→ What to work on:
When the line containing "#70=CARTESIAN_POINT('',(14.5,-17.975,2.));" appears in the data below, begin copying there and stop only after the line containing "#76=DIRECTION('',(0.,1.,0.));".

######

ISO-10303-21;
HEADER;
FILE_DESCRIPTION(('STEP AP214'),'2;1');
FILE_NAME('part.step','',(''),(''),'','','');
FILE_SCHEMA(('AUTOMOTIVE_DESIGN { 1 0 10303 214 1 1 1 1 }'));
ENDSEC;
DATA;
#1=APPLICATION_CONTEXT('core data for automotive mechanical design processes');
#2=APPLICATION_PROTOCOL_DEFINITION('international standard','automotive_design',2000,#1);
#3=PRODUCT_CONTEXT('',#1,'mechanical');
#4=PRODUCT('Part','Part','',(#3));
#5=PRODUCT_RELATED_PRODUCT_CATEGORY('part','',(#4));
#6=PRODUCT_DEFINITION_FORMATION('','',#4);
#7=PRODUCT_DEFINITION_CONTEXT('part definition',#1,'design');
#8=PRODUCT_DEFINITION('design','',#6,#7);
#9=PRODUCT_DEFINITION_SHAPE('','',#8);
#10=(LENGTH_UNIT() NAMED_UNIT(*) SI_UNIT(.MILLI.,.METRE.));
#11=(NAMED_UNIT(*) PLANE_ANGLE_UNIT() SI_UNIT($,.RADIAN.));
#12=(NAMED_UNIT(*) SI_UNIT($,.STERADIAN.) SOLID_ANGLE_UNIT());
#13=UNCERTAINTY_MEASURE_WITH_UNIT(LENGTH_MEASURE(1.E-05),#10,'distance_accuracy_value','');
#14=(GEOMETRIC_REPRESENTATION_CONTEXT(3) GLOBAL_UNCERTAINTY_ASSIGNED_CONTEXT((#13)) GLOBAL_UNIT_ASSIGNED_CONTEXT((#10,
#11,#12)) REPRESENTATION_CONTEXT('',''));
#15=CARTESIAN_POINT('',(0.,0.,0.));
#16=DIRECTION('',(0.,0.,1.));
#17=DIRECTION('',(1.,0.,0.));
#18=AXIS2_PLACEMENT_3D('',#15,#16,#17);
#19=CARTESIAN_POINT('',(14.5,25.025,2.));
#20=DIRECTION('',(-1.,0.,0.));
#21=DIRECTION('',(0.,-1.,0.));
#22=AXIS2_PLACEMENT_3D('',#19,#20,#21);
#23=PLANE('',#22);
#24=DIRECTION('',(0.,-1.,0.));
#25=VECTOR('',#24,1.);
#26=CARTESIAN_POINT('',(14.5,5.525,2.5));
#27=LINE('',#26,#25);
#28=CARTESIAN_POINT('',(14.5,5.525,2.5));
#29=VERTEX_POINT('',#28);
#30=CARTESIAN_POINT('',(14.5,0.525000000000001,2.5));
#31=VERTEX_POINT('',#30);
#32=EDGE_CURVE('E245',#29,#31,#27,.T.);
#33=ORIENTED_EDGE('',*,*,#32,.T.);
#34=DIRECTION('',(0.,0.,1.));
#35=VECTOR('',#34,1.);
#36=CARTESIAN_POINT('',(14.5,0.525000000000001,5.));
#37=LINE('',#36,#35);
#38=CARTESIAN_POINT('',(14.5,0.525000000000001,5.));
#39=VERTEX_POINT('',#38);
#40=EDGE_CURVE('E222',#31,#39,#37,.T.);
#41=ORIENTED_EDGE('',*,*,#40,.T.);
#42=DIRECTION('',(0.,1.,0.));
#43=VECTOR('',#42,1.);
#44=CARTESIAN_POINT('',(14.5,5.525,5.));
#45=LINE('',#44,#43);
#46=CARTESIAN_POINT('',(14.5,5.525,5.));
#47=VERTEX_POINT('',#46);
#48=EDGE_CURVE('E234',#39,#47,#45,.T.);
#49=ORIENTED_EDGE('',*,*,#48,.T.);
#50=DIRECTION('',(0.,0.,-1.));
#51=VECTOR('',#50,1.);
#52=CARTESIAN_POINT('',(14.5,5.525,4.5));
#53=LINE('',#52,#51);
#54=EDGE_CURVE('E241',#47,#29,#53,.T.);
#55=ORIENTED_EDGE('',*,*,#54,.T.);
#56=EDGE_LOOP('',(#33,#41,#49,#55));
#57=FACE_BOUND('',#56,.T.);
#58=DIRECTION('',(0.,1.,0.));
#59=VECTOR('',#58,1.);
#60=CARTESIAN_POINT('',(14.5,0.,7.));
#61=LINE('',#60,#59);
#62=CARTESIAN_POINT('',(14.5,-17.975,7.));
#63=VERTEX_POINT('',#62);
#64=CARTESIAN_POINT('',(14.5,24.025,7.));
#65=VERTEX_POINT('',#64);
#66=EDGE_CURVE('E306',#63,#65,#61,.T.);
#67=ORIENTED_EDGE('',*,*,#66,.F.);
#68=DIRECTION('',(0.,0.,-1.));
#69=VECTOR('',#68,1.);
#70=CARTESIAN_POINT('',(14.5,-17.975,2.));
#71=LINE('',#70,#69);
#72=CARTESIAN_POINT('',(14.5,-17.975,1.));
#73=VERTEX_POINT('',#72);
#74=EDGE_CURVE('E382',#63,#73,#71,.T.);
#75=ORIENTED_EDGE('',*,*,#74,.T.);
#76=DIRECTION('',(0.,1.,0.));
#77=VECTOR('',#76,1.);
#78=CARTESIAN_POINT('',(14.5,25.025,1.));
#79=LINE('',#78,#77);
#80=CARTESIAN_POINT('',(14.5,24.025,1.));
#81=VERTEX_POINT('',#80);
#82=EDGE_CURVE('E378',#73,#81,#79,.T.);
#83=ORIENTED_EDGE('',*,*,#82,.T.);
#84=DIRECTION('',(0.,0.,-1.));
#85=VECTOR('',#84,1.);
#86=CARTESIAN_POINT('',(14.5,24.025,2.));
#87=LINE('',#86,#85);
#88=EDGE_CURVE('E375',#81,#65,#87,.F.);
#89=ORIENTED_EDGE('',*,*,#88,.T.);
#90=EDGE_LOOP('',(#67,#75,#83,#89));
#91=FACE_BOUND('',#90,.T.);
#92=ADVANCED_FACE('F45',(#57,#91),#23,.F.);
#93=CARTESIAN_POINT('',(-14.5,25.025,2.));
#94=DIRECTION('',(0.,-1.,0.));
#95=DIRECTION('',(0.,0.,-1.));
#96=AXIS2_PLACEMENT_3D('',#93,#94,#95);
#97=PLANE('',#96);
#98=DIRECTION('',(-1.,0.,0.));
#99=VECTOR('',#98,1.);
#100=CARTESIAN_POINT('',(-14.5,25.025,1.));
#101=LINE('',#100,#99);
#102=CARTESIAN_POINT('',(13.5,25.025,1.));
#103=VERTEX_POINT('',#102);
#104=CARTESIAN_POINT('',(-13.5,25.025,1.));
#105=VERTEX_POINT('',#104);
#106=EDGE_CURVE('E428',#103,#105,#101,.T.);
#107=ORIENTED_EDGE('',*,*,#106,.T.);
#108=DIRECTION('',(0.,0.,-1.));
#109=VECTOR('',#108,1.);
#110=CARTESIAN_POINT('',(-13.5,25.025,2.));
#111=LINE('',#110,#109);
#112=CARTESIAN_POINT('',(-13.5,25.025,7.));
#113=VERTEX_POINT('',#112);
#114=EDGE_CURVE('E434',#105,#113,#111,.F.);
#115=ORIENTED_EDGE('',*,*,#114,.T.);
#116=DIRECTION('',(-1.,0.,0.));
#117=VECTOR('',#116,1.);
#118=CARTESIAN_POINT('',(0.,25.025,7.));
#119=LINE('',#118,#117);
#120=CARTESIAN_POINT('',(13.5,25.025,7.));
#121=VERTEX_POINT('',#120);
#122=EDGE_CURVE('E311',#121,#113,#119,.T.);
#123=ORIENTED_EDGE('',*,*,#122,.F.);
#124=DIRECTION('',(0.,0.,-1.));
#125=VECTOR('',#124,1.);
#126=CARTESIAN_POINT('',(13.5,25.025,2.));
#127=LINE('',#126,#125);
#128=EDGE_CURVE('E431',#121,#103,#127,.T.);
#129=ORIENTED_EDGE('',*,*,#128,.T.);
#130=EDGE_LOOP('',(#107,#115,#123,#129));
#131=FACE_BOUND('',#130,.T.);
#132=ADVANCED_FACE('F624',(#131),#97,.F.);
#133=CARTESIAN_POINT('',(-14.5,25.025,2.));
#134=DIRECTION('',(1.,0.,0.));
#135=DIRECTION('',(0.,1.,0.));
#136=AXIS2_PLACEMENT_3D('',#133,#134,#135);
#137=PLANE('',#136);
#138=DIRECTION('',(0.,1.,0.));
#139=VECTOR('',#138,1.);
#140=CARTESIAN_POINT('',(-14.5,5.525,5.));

######

→ Task response:
#70=CARTESIAN_POINT('',(14.5,-17.975,2.));
#71=LINE('',#70,#69);
#72=CARTESIAN_POINT('',(14.5,-17.975,1.));
#73=VERTEX_POINT('',#72);
#74=EDGE_CURVE('E382',#63,#73,#71,.T.);
#75=ORIENTED_EDGE('',*,*,#74,.T.);
#76=DIRECTION('',(0.,1.,0.));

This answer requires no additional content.